Set up alerting for critical events:
# Crea alert script
cat > /usr/local/bin/patroni-alert.sh << 'EOF'
#!/bin/bash
check_cluster_health() {
CLUSTER_INFO=$(curl -s http://localhost:8008/cluster)
SIZE=$(echo $CLUSTER_INFO | jq '.members | length')
if [ "$SIZE" -lt 2 ]; then
echo "ALERT: Cluster size is $SIZE (expected 3)"
fi
# Check if current nodo is primary
if echo $CLUSTER_INFO | jq -e '.is_leader' > /dev/null; then
echo "INFO: This nodo is primary"
else
echo "INFO: This nodo is réplica"
fi
}
check_cluster_health
EOF
chmod +x /usr/local/bin/patroni-alert.sh
Mantenimiento and Mejores Prácticas
Perform regular cluster maintenance while maintaining high availability. Rolling restart procedure for updates:
# 1. Reinicia réplicas first
for réplica in node2 node3; do
echo "Restarting $réplica..."
ssh $réplica "sudo systemctl restart patroni"
sleep 30
# Verifica nodo rejoined cluster
curl -s http://192.168.1.10:8008/cluster | jq ".members[] | select(.name==\"$réplica\") | .state"
done
# 2. Finally, restart primary (will trigger automatic failover)
ssh node1 "sudo systemctl restart patroni"
sleep 60
# Verifica cluster recovered with new primary
curl -s http://192.168.1.10:8008/cluster | jq '.members[] | {name, role}'
Respalda procedures for cluster:
# Respalda all databases regularly
pg_dump -h 192.168.1.10 -U postgres -F tar -f backup-$(date +%Y%m%d).tar
# Verifica backup
tar -tf backup-$(date +%Y%m%d).tar | head
# Respalda individual databases
pg_dump -h 192.168.1.10 -U postgres -d mydb > mydb-backup.sql
# Full cluster backup using pg_basebackup
pg_basebackup -h 192.168.1.10 -U replication -F tar -z -D ./backup-$(date +%Y%m%d)
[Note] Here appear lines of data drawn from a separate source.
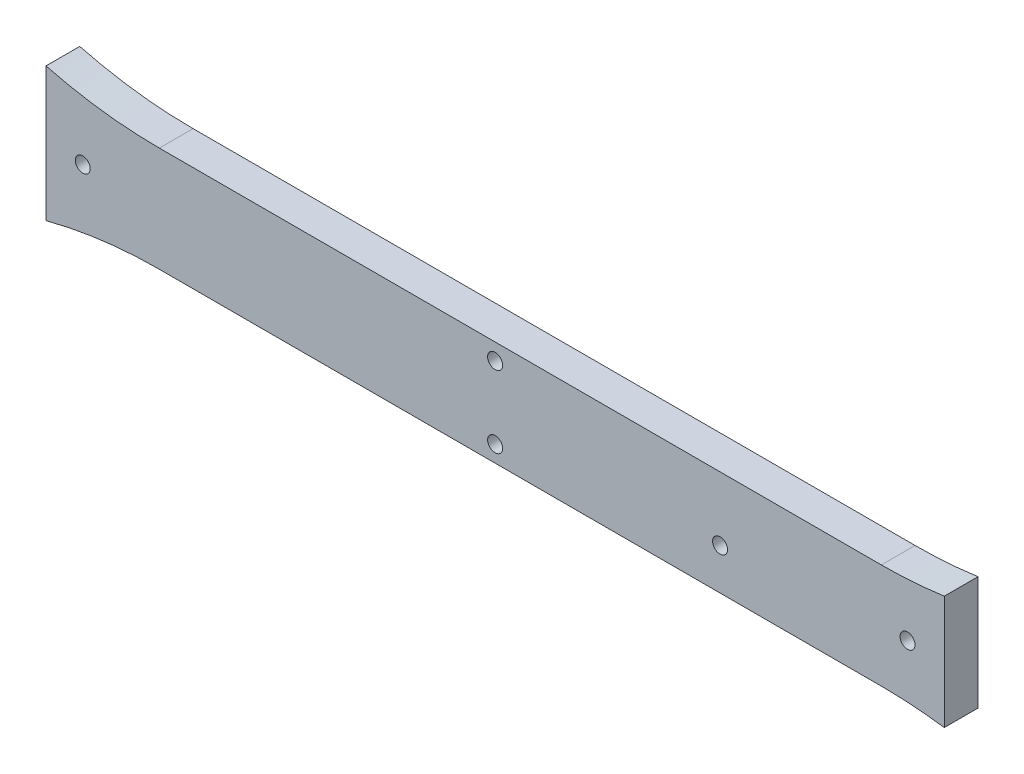
ISO-10303-21;
HEADER;
FILE_DESCRIPTION(('STEP AP214'),'2;1');
FILE_NAME('part.step','',(''),(''),'','','');
FILE_SCHEMA(('AUTOMOTIVE_DESIGN { 1 0 10303 214 1 1 1 1 }'));
ENDSEC;
DATA;
#1=APPLICATION_CONTEXT('core data for automotive mechanical design processes');
#2=APPLICATION_PROTOCOL_DEFINITION('international standard','automotive_design',2000,#1);
#3=PRODUCT_CONTEXT('',#1,'mechanical');
#4=PRODUCT('Part','Part','',(#3));
#5=PRODUCT_RELATED_PRODUCT_CATEGORY('part','',(#4));
#6=PRODUCT_DEFINITION_FORMATION('','',#4);
#7=PRODUCT_DEFINITION_CONTEXT('part definition',#1,'design');
#8=PRODUCT_DEFINITION('design','',#6,#7);
#9=PRODUCT_DEFINITION_SHAPE('','',#8);
#10=(LENGTH_UNIT() NAMED_UNIT(*) SI_UNIT(.MILLI.,.METRE.));
#11=(NAMED_UNIT(*) PLANE_ANGLE_UNIT() SI_UNIT($,.RADIAN.));
#12=(NAMED_UNIT(*) SI_UNIT($,.STERADIAN.) SOLID_ANGLE_UNIT());
#13=UNCERTAINTY_MEASURE_WITH_UNIT(LENGTH_MEASURE(1.E-05),#10,'distance_accuracy_value','');
#14=(GEOMETRIC_REPRESENTATION_CONTEXT(3) GLOBAL_UNCERTAINTY_ASSIGNED_CONTEXT((#13)) GLOBAL_UNIT_ASSIGNED_CONTEXT((#10,
#11,#12)) REPRESENTATION_CONTEXT('',''));
#15=CARTESIAN_POINT('',(0.,0.,0.));
#16=DIRECTION('',(0.,0.,1.));
#17=DIRECTION('',(1.,0.,0.));
#18=AXIS2_PLACEMENT_3D('',#15,#16,#17);
#19=CARTESIAN_POINT('',(0.,7.,4.5));
#20=DIRECTION('',(0.,1.,0.));
#21=DIRECTION('',(0.,0.,1.));
#22=AXIS2_PLACEMENT_3D('',#19,#20,#21);
#23=PLANE('',#22);
#24=DIRECTION('',(1.,0.,0.));
#25=VECTOR('',#24,1.);
#26=CARTESIAN_POINT('',(0.,7.,0.));
#27=LINE('',#26,#25);
#28=CARTESIAN_POINT('',(-44.7799735274768,7.,0.));
#29=VERTEX_POINT('',#28);
#30=CARTESIAN_POINT('',(51.5053197510586,7.,0.));
#31=VERTEX_POINT('',#30);
#32=EDGE_CURVE('E212',#29,#31,#27,.T.);
#33=ORIENTED_EDGE('',*,*,#32,.F.);
#34=DIRECTION('',(0.,0.,-1.));
#35=VECTOR('',#34,1.);
#36=CARTESIAN_POINT('',(-44.7799735274768,7.,4.5));
#37=LINE('',#36,#35);
#38=CARTESIAN_POINT('',(-44.7799735274768,7.,4.5));
#39=VERTEX_POINT('',#38);
#40=EDGE_CURVE('E219',#29,#39,#37,.F.);
#41=ORIENTED_EDGE('',*,*,#40,.T.);
#42=DIRECTION('',(1.,0.,0.));
#43=VECTOR('',#42,1.);
#44=CARTESIAN_POINT('',(0.,7.,4.5));
#45=LINE('',#44,#43);
#46=CARTESIAN_POINT('',(51.5053197510586,7.,4.5));
#47=VERTEX_POINT('',#46);
#48=EDGE_CURVE('E190',#39,#47,#45,.T.);
#49=ORIENTED_EDGE('',*,*,#48,.T.);
#50=DIRECTION('',(0.,0.,-1.));
#51=VECTOR('',#50,1.);
#52=CARTESIAN_POINT('',(51.5053197510586,7.,4.5));
#53=LINE('',#52,#51);
#54=EDGE_CURVE('E196',#47,#31,#53,.T.);
#55=ORIENTED_EDGE('',*,*,#54,.T.);
#56=EDGE_LOOP('',(#33,#41,#49,#55));
#57=FACE_BOUND('',#56,.T.);
#58=ADVANCED_FACE('F41',(#57),#23,.T.);
#59=CARTESIAN_POINT('',(0.,-4.8,4.5));
#60=DIRECTION('',(0.,0.,-1.));
#61=DIRECTION('',(-1.,0.,0.));
#62=AXIS2_PLACEMENT_3D('',#59,#60,#61);
#63=CYLINDRICAL_SURFACE('',#62,1.);
#64=CARTESIAN_POINT('',(0.,-4.8,4.5));
#65=DIRECTION('',(0.,0.,1.));
#66=DIRECTION('',(1.,0.,0.));
#67=AXIS2_PLACEMENT_3D('',#64,#65,#66);
#68=CIRCLE('',#67,1.);
#69=CARTESIAN_POINT('',(1.,-4.8,4.5));
#70=VERTEX_POINT('',#69);
#71=EDGE_CURVE('E186',#70,#70,#68,.T.);
#72=ORIENTED_EDGE('',*,*,#71,.T.);
#73=EDGE_LOOP('',(#72));
#74=FACE_BOUND('',#73,.T.);
#75=CARTESIAN_POINT('',(0.,-4.8,0.));
#76=DIRECTION('',(0.,0.,1.));
#77=DIRECTION('',(1.,0.,0.));
#78=AXIS2_PLACEMENT_3D('',#75,#76,#77);
#79=CIRCLE('',#78,1.);
#80=CARTESIAN_POINT('',(1.,-4.8,0.));
#81=VERTEX_POINT('',#80);
#82=EDGE_CURVE('E208',#81,#81,#79,.T.);
#83=ORIENTED_EDGE('',*,*,#82,.F.);
#84=EDGE_LOOP('',(#83));
#85=FACE_BOUND('',#84,.T.);
#86=ADVANCED_FACE('F253',(#74,#85),#63,.F.);
#87=CARTESIAN_POINT('',(0.,4.8,4.5));
#88=DIRECTION('',(0.,0.,-1.));
#89=DIRECTION('',(-1.,0.,0.));
#90=AXIS2_PLACEMENT_3D('',#87,#88,#89);
#91=CYLINDRICAL_SURFACE('',#90,1.);
#92=CARTESIAN_POINT('',(0.,4.8,4.5));
#93=DIRECTION('',(0.,0.,1.));
#94=DIRECTION('',(1.,0.,0.));
#95=AXIS2_PLACEMENT_3D('',#92,#93,#94);
#96=CIRCLE('',#95,1.);
#97=CARTESIAN_POINT('',(1.,4.8,4.5));
#98=VERTEX_POINT('',#97);
#99=EDGE_CURVE('E182',#98,#98,#96,.T.);
#100=ORIENTED_EDGE('',*,*,#99,.T.);
#101=EDGE_LOOP('',(#100));
#102=FACE_BOUND('',#101,.T.);
#103=CARTESIAN_POINT('',(0.,4.8,0.));
#104=DIRECTION('',(0.,0.,1.));
#105=DIRECTION('',(1.,0.,0.));
#106=AXIS2_PLACEMENT_3D('',#103,#104,#105);
#107=CIRCLE('',#106,1.);
#108=CARTESIAN_POINT('',(1.,4.8,0.));
#109=VERTEX_POINT('',#108);
#110=EDGE_CURVE('E204',#109,#109,#107,.T.);
#111=ORIENTED_EDGE('',*,*,#110,.F.);
#112=EDGE_LOOP('',(#111));
#113=FACE_BOUND('',#112,.T.);
#114=ADVANCED_FACE('F258',(#102,#113),#91,.F.);
#115=CARTESIAN_POINT('',(-55.,0.,4.5));
#116=DIRECTION('',(0.,0.,-1.));
#117=DIRECTION('',(-1.,0.,0.));
#118=AXIS2_PLACEMENT_3D('',#115,#116,#117);
#119=CYLINDRICAL_SURFACE('',#118,0.999999999999998);
#120=CARTESIAN_POINT('',(-55.,0.,4.5));
#121=DIRECTION('',(0.,0.,1.));
#122=DIRECTION('',(1.,0.,0.));
#123=AXIS2_PLACEMENT_3D('',#120,#121,#122);
#124=CIRCLE('',#123,0.999999999999998);
#125=CARTESIAN_POINT('',(-54.,0.,4.5));
#126=VERTEX_POINT('',#125);
#127=EDGE_CURVE('E177',#126,#126,#124,.T.);
#128=ORIENTED_EDGE('',*,*,#127,.T.);
#129=EDGE_LOOP('',(#128));
#130=FACE_BOUND('',#129,.T.);
#131=CARTESIAN_POINT('',(-55.,0.,0.));
#132=DIRECTION('',(0.,0.,1.));
#133=DIRECTION('',(1.,0.,0.));
#134=AXIS2_PLACEMENT_3D('',#131,#132,#133);
#135=CIRCLE('',#134,0.999999999999998);
#136=CARTESIAN_POINT('',(-54.,0.,0.));
#137=VERTEX_POINT('',#136);
#138=EDGE_CURVE('E200',#137,#137,#135,.T.);
#139=ORIENTED_EDGE('',*,*,#138,.F.);
#140=EDGE_LOOP('',(#139));
#141=FACE_BOUND('',#140,.T.);
#142=ADVANCED_FACE('F266',(#130,#141),#119,.F.);
#143=CARTESIAN_POINT('',(55.,0.,4.5));
#144=DIRECTION('',(0.,0.,-1.));
#145=DIRECTION('',(-1.,0.,0.));
#146=AXIS2_PLACEMENT_3D('',#143,#144,#145);
#147=CYLINDRICAL_SURFACE('',#146,0.999999999999998);
#148=CARTESIAN_POINT('',(55.,0.,4.5));
#149=DIRECTION('',(0.,0.,1.));
#150=DIRECTION('',(1.,0.,0.));
#151=AXIS2_PLACEMENT_3D('',#148,#149,#150);
#152=CIRCLE('',#151,0.999999999999998);
#153=CARTESIAN_POINT('',(56.,0.,4.5));
#154=VERTEX_POINT('',#153);
#155=EDGE_CURVE('E173',#154,#154,#152,.T.);
#156=ORIENTED_EDGE('',*,*,#155,.T.);
#157=EDGE_LOOP('',(#156));
#158=FACE_BOUND('',#157,.T.);
#159=CARTESIAN_POINT('',(55.,0.,0.));
#160=DIRECTION('',(0.,0.,1.));
#161=DIRECTION('',(1.,0.,0.));
#162=AXIS2_PLACEMENT_3D('',#159,#160,#161);
#163=CIRCLE('',#162,0.999999999999998);
#164=CARTESIAN_POINT('',(56.,0.,0.));
#165=VERTEX_POINT('',#164);
#166=EDGE_CURVE('E169',#165,#165,#163,.T.);
#167=ORIENTED_EDGE('',*,*,#166,.F.);
#168=EDGE_LOOP('',(#167));
#169=FACE_BOUND('',#168,.T.);
#170=ADVANCED_FACE('F270',(#158,#169),#147,.F.);
#171=CARTESIAN_POINT('',(0.,-7.,4.5));
#172=DIRECTION('',(0.,1.,0.));
#173=DIRECTION('',(0.,0.,1.));
#174=AXIS2_PLACEMENT_3D('',#171,#172,#173);
#175=PLANE('',#174);
#176=DIRECTION('',(1.,0.,0.));
#177=VECTOR('',#176,1.);
#178=CARTESIAN_POINT('',(0.,-7.,4.5));
#179=LINE('',#178,#177);
#180=CARTESIAN_POINT('',(-44.7799735274768,-7.,4.5));
#181=VERTEX_POINT('',#180);
#182=CARTESIAN_POINT('',(51.5053197510586,-7.,4.5));
#183=VERTEX_POINT('',#182);
#184=EDGE_CURVE('E193',#181,#183,#179,.T.);
#185=ORIENTED_EDGE('',*,*,#184,.F.);
#186=DIRECTION('',(0.,0.,1.));
#187=VECTOR('',#186,1.);
#188=CARTESIAN_POINT('',(-44.7799735274768,-7.,0.));
#189=LINE('',#188,#187);
#190=CARTESIAN_POINT('',(-44.7799735274768,-7.,0.));
#191=VERTEX_POINT('',#190);
#192=EDGE_CURVE('E224',#181,#191,#189,.F.);
#193=ORIENTED_EDGE('',*,*,#192,.T.);
#194=DIRECTION('',(1.,0.,0.));
#195=VECTOR('',#194,1.);
#196=CARTESIAN_POINT('',(0.,-7.,0.));
#197=LINE('',#196,#195);
#198=CARTESIAN_POINT('',(51.5053197510586,-7.,0.));
#199=VERTEX_POINT('',#198);
#200=EDGE_CURVE('E178',#191,#199,#197,.T.);
#201=ORIENTED_EDGE('',*,*,#200,.T.);
#202=DIRECTION('',(0.,0.,1.));
#203=VECTOR('',#202,1.);
#204=CARTESIAN_POINT('',(51.5053197510586,-7.,4.5));
#205=LINE('',#204,#203);
#206=EDGE_CURVE('E127',#199,#183,#205,.T.);
#207=ORIENTED_EDGE('',*,*,#206,.T.);
#208=EDGE_LOOP('',(#185,#193,#201,#207));
#209=FACE_BOUND('',#208,.T.);
#210=ADVANCED_FACE('F243',(#209),#175,.F.);
#211=CARTESIAN_POINT('',(0.,0.,4.5));
#212=DIRECTION('',(0.,0.,1.));
#213=DIRECTION('',(1.,0.,0.));
#214=AXIS2_PLACEMENT_3D('',#211,#212,#213);
#215=PLANE('',#214);
#216=DIRECTION('',(0.,-1.,0.));
#217=VECTOR('',#216,1.);
#218=CARTESIAN_POINT('',(59.9,0.,4.5));
#219=LINE('',#218,#217);
#220=CARTESIAN_POINT('',(59.9,7.59015785647943,4.5));
#221=VERTEX_POINT('',#220);
#222=CARTESIAN_POINT('',(59.9,-7.59015785647943,4.5));
#223=VERTEX_POINT('',#222);
#224=EDGE_CURVE('E107',#221,#223,#219,.T.);
#225=ORIENTED_EDGE('',*,*,#224,.F.);
#226=CARTESIAN_POINT('',(51.5053197510586,67.,4.5));
#227=DIRECTION('',(0.,0.,1.));
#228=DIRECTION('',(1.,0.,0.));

Handle split-brain scenarios properly:
# Check if nodos are in sync
patronictl list
# If split-brain occurs, rejoin isolated nodos
# On isolated nodo:
sudo systemctl restart patroni
# Force rejoin if necessary
psql -h localhost -U postgres -c "SELECT pg_controldata();" | grep "Database system identifier"
Document and test disaster recovery:
# Prueba recovery from backup
mkdir -p /tmp/recovery
cd /tmp/recovery
# Extract backup
tar -xzf backup-20240101.tar -C /tmp/recovery/
# Restaura to new server (detailed recovery procedures specific to your backup type)
Conclusión
PostgreSQL with Patroni delivers enterprise-grade high availability with automatic failover, seamless switchover, and minimal operational overhead. By properly configuring etcd for distributed consensus, setting up streaming replication, and deploying HAProxy for intelligent connection routing, you create a robust, self-healing database infrastructure. Regular monitoring, testing of failover procedures, and documented maintenance processes asegúrate de que your cluster continues to provide reliable servicio. Remember that while Patroni automates many HA operations, understanding the underlying PostgreSQL replication mechanics and etcd consensus principles remains essential for effective cluster management and troubleshooting.